Inside that workflow, the actual operations may still happen through tools.

In a more agentic system, the runtime may decide:

So tool use is part of the action layer.

Workflows and plans decide how that layer is used.

What Strong Tool Use Looks Like

A well-engineered tool layer usually has these properties:

The Tool Set Is Small Enough to Be Legible

Too many overlapping tools make selection worse.

Each Tool Has a Clear Job

Tools should not hide several unrelated capabilities behind one vague name.

Inputs Are Structured Around Real Needs

The schema should match what execution actually requires.

The Runtime Enforces Limits

Policies and approvals should live in code, not only in prompts.

Results Are Returned in a Way the Agent Can Reason About

The agent needs outputs that make success, failure, and ambiguity visible.

Every Action Has a Verification Path

If the system cannot check whether the action worked, it has not really closed the loop.

Why This Matters for the Next Articles

Once tool use is in place, several later topics become easier to understand.

Memory matters because the agent needs to remember prior actions, results, and unresolved state.

ReAct matters because tool use is one of the clearest cases of a think-act-observe loop.

Guardrails matter because the runtime needs bounded execution, typed outputs, and permission control.

Evaluation matters because a final answer can look good even when the trajectory used the wrong tools, passed weak arguments, or failed to verify success.

So tool use is not just another feature on the list.

It is the point where agent design starts touching reality.

FAQ

Can an agent still be useful without tools?

Yes, but only within narrower limits. A tool-less agent can still explain, brainstorm, summarize, or help structure work. What it cannot do reliably is inspect fresh system state, retrieve protected data, or take external actions.

Is tool use just function calling?

Function calling is one common interface mechanism for tool use, but the larger concept is broader. Tool use includes the whole runtime loop around capability exposure, argument formation, execution, result handling, and continued reasoning.

If every action goes through predefined tools, is the system still an agent?

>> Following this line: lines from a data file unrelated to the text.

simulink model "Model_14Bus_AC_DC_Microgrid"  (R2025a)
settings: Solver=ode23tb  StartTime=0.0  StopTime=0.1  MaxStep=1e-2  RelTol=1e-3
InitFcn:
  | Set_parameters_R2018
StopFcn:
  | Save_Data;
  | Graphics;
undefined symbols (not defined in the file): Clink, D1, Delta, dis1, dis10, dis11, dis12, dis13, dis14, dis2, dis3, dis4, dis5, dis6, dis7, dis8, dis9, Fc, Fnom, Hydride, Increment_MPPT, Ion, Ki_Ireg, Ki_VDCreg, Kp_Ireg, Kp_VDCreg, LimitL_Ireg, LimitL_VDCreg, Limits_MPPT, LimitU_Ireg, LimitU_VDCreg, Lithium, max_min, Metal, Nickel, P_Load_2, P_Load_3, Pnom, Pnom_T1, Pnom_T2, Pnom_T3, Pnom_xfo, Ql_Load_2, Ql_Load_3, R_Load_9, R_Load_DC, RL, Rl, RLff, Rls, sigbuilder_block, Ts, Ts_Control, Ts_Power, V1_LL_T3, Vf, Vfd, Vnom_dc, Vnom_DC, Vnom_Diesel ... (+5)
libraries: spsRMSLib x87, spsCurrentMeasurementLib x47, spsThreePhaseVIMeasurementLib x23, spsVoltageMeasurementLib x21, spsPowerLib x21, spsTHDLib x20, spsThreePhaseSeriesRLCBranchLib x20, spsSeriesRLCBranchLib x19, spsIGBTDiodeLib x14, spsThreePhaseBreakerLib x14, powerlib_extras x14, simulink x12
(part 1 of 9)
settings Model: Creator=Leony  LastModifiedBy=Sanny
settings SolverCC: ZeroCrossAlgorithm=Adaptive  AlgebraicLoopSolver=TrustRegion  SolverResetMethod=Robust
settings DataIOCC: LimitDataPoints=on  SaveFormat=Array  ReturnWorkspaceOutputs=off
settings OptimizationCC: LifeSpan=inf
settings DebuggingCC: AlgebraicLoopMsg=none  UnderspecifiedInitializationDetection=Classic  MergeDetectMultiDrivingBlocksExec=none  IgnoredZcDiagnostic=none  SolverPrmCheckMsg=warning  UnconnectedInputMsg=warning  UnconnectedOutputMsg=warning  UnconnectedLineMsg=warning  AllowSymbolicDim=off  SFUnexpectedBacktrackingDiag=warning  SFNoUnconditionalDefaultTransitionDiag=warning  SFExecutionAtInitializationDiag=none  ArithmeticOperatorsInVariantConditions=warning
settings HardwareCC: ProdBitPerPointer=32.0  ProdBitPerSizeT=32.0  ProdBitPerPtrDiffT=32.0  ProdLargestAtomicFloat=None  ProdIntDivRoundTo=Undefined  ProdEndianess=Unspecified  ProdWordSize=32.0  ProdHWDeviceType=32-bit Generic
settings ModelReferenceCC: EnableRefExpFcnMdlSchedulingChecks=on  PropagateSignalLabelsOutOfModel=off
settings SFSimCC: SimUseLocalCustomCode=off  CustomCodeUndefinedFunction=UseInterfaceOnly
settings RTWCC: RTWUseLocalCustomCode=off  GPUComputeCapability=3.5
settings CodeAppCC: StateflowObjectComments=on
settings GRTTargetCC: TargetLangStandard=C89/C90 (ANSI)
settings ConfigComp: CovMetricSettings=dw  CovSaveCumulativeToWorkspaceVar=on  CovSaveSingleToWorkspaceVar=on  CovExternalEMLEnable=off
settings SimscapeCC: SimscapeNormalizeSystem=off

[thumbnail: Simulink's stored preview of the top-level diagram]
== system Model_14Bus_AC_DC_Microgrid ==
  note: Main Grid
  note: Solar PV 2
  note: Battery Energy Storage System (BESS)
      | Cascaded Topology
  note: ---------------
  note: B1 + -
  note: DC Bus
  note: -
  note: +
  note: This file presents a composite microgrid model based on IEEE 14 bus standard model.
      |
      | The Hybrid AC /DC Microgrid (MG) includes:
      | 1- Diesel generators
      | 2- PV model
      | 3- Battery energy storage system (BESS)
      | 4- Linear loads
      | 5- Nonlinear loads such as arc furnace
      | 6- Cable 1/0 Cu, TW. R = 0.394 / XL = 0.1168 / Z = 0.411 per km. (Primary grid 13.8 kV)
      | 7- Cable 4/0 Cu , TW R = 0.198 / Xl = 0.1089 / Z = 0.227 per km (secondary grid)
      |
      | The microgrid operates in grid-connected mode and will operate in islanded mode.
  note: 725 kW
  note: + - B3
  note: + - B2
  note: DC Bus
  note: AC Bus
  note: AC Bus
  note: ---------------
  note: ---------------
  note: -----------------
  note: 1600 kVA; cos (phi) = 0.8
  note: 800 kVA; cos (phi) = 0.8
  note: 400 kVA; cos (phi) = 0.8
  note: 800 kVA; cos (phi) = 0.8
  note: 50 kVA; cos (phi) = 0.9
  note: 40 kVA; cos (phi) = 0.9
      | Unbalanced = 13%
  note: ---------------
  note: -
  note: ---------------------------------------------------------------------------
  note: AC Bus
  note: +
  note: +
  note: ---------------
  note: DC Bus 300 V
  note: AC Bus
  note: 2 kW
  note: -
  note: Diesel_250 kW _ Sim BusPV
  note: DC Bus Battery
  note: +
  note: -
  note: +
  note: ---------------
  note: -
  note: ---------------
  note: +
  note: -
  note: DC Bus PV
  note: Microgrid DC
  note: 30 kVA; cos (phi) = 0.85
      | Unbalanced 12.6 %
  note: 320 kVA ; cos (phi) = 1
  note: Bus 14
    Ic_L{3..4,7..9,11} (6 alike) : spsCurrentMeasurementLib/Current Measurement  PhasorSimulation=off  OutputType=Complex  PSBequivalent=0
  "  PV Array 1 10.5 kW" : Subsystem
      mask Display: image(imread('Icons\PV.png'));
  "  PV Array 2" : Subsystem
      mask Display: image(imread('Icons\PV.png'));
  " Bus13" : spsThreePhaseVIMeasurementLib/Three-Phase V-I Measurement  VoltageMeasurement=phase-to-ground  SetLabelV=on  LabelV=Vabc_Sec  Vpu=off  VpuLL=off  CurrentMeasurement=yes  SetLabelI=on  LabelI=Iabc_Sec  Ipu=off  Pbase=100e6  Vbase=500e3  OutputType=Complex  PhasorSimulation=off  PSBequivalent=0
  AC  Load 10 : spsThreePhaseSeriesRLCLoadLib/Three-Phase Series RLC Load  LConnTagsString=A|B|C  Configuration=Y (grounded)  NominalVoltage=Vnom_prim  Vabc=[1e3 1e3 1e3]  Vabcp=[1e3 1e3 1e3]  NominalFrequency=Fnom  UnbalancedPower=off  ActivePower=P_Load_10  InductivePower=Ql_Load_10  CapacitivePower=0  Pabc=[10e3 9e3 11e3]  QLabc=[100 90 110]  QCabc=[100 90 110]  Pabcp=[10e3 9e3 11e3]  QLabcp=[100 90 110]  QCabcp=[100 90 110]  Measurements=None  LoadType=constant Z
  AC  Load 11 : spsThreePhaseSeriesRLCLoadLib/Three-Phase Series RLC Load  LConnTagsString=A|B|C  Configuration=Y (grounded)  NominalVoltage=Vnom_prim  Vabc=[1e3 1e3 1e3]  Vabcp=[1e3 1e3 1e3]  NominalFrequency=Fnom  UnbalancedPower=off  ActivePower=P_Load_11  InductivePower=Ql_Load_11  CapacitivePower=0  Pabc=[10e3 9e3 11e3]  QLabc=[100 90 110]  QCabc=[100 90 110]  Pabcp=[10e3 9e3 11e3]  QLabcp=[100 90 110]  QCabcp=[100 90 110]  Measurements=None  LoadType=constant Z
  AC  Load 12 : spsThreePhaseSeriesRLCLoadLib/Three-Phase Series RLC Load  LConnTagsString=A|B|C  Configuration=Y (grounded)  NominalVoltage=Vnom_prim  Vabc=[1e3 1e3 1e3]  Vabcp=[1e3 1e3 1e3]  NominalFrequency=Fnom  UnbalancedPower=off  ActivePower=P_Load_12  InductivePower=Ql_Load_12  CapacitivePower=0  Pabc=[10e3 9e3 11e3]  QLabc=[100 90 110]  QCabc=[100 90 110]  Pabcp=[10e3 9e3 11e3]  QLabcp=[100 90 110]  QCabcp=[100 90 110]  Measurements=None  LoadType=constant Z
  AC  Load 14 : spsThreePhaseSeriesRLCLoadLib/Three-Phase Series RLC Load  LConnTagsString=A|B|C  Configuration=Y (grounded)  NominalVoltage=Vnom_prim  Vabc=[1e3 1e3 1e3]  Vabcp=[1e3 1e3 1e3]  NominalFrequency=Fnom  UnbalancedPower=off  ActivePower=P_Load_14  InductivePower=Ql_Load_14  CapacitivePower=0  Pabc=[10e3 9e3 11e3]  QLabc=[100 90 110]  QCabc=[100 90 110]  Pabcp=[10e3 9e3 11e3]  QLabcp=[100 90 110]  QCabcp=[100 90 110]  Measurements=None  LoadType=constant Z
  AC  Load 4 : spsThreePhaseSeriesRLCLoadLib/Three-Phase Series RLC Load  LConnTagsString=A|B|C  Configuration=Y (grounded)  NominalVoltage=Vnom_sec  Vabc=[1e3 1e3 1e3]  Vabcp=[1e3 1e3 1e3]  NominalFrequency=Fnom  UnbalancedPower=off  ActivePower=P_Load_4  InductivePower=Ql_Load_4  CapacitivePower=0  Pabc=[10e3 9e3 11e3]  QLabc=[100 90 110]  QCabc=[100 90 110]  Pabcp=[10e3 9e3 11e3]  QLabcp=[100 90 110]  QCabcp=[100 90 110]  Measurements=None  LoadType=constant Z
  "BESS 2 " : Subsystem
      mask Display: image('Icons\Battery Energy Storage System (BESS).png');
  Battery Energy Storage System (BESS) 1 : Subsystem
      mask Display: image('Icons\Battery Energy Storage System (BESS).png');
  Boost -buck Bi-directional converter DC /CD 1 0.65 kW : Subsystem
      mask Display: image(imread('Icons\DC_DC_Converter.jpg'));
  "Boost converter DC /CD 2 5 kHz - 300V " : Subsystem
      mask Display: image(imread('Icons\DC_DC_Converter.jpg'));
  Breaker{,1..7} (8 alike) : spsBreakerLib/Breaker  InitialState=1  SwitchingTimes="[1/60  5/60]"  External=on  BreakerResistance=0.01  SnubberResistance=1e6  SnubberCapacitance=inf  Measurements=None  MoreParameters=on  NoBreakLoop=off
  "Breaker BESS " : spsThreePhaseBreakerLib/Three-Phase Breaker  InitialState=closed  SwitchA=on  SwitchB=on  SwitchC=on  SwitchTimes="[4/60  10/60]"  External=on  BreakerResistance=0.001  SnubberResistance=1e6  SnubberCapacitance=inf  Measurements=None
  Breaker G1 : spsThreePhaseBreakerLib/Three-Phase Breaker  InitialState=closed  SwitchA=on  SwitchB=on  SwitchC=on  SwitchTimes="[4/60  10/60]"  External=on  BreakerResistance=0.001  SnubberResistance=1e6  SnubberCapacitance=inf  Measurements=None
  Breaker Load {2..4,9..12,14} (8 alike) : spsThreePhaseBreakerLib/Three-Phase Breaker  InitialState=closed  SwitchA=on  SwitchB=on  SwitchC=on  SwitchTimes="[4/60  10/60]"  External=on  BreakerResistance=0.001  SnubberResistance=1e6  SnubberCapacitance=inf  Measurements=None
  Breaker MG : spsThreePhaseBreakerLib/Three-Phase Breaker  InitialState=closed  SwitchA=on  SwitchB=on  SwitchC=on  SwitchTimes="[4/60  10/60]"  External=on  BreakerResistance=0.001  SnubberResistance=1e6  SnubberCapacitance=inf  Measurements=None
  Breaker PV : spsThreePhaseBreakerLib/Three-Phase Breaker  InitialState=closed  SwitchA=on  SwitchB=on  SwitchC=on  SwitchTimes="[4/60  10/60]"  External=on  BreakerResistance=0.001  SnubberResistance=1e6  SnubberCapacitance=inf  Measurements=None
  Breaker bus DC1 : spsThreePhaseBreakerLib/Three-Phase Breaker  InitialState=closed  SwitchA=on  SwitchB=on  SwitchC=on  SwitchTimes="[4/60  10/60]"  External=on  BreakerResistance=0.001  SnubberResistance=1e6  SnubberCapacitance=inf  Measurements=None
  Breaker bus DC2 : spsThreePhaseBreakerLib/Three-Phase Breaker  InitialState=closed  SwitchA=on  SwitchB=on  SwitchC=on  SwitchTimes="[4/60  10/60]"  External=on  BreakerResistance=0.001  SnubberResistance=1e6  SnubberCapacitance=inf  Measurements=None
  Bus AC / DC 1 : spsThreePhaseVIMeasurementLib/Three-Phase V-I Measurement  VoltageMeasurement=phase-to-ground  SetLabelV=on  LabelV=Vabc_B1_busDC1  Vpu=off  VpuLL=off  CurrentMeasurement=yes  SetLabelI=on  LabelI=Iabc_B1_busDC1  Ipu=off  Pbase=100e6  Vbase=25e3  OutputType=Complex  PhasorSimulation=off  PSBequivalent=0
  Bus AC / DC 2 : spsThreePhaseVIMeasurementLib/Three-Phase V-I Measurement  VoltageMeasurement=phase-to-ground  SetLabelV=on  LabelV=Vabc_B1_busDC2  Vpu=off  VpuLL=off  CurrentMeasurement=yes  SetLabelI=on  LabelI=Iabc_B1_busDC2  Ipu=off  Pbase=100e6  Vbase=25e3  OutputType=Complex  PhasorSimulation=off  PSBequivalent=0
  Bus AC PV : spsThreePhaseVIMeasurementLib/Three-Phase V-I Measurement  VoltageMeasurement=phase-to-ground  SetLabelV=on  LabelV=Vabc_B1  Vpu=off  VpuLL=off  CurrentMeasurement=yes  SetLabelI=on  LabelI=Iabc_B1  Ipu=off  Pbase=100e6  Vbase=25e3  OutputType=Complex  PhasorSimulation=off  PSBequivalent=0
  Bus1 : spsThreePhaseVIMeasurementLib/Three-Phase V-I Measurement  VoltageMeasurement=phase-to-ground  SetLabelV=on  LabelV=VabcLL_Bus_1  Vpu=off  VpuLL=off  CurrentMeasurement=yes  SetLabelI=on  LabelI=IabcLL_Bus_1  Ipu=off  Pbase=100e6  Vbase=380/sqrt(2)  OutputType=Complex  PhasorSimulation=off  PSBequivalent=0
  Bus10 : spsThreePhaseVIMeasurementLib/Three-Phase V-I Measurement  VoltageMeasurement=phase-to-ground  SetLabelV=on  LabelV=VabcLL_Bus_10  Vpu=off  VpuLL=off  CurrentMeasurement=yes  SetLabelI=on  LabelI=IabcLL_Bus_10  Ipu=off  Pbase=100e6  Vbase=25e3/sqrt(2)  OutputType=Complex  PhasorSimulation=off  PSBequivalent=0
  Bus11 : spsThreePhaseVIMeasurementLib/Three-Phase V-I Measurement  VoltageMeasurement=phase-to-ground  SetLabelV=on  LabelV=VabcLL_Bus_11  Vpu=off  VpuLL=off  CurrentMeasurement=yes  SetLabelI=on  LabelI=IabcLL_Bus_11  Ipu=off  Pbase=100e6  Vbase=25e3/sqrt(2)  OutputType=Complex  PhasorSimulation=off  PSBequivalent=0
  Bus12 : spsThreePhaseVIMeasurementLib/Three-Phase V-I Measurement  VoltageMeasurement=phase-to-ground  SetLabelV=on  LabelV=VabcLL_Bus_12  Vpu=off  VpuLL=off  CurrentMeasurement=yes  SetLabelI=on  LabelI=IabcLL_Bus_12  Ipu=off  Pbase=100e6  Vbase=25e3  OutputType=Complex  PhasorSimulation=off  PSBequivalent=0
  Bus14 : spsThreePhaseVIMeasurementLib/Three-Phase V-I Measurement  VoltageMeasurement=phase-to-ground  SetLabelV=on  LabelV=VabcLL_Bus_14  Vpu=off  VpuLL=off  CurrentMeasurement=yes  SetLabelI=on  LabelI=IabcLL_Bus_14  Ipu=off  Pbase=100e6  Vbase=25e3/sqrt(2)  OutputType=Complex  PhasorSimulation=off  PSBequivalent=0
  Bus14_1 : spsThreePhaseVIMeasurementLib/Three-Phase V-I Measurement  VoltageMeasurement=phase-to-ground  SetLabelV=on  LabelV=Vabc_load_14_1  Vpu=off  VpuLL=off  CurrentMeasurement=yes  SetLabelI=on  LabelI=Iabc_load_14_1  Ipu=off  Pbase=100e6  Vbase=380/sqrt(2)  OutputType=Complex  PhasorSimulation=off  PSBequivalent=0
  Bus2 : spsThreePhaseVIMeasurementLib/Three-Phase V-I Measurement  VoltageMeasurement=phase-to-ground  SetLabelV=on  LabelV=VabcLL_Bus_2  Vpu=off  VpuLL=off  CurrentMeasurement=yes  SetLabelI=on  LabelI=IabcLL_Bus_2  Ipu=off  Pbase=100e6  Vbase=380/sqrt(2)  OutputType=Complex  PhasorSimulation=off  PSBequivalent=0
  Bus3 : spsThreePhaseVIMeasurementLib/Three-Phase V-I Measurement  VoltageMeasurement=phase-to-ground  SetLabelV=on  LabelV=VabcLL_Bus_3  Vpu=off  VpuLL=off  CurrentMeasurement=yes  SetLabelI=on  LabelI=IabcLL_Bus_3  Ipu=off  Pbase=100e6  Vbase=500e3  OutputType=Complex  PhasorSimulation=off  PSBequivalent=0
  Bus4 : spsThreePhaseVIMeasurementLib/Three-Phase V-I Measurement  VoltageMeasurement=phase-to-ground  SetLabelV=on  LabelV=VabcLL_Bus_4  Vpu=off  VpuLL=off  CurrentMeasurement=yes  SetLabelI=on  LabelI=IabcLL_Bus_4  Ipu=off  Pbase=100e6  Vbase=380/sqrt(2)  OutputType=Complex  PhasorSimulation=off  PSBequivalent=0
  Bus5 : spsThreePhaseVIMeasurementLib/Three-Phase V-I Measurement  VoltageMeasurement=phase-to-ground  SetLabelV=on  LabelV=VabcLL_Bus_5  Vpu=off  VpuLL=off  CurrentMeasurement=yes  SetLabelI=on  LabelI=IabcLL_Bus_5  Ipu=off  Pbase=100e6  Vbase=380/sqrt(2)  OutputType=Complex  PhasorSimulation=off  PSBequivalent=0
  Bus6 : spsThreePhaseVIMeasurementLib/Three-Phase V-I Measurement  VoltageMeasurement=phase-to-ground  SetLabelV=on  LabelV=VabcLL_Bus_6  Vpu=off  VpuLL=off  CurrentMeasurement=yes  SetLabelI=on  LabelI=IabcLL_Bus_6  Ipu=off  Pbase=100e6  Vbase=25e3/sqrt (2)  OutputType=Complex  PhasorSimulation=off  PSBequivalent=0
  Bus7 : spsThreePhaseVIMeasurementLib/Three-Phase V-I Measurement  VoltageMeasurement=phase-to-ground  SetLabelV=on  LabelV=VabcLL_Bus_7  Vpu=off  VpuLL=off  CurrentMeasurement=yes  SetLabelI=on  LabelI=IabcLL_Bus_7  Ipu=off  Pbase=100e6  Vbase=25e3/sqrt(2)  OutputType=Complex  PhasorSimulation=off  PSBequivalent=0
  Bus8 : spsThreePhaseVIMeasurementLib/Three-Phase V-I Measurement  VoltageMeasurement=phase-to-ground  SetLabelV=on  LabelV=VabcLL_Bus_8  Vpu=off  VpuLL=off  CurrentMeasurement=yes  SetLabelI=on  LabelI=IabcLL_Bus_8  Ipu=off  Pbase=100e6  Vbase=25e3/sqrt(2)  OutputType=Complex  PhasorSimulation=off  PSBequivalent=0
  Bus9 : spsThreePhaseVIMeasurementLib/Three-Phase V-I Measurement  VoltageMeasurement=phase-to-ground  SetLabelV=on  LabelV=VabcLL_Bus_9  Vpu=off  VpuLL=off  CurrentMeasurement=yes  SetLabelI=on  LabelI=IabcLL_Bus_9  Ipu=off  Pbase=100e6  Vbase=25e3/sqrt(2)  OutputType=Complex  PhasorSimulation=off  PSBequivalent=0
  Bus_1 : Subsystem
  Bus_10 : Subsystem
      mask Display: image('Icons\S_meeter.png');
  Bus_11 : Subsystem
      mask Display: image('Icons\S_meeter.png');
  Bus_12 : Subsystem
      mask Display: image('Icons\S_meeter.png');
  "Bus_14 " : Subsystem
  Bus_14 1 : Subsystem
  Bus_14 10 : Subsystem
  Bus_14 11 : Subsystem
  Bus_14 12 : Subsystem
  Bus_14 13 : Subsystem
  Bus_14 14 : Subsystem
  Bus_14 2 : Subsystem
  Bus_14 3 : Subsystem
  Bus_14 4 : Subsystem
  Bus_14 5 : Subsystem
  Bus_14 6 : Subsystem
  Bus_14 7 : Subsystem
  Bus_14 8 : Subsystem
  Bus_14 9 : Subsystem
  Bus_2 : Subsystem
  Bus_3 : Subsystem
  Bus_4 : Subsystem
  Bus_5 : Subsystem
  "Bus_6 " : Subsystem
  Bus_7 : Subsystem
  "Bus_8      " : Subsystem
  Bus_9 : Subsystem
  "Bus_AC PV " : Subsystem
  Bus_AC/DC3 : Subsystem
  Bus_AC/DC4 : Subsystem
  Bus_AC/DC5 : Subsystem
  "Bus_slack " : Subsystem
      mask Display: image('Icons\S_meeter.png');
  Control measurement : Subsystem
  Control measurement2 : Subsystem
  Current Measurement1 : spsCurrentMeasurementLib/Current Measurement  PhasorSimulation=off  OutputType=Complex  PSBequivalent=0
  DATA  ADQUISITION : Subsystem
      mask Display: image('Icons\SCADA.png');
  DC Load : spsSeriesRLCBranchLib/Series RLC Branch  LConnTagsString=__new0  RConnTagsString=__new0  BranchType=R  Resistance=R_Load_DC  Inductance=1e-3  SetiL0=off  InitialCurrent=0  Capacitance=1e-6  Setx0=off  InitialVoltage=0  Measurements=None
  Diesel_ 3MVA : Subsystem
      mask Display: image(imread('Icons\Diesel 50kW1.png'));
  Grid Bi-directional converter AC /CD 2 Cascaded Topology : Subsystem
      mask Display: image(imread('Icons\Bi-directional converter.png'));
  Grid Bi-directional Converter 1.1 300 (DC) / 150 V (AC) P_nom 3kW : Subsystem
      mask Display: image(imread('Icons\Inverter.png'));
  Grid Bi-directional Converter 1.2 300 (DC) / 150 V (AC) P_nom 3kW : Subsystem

Yes. Agents do not stop being agents because their action space is bounded. In practice, bounded action spaces are often what make agent behavior usable, auditable, and safe.

Why do tool calls fail even when the model picked the right tool?

Because the failure often happens at the next layer: missing arguments, invalid values, ambiguous results, unsafe execution, missing permissions, or weak post-action checks.

Should the model supply every tool argument?

No. If the runtime already knows a value or can derive it deterministically, it should usually do that itself. The model should be responsible mainly for the parts that actually require interpretation or choice.

How many tools should an agent have at once?

There is no universal number, but smaller and clearer tool sets are generally easier for the model to use well. Too many overlapping tools increase confusion and misfires.

Where should permissions and approvals live?

In the runtime layer, not only in the prompt. Prompts can express intent, but policy enforcement has to happen in code and system controls.

Are tool results always trustworthy?

No. A tool result is new evidence, not guaranteed truth. It may be partial, stale, ambiguous, or operationally incomplete, so the agent still needs to reason about what the result means.

How does tool use connect to memory?

Tool use creates state that may need to persist across steps or sessions: what was queried, what changed, what failed, and what still needs follow-up.

How does tool use connect to evaluation?

A strong evaluation does not only ask whether the final answer looked correct. It asks whether the system chose the right tools, formed good arguments, stayed within bounds, and verified the outcome properly.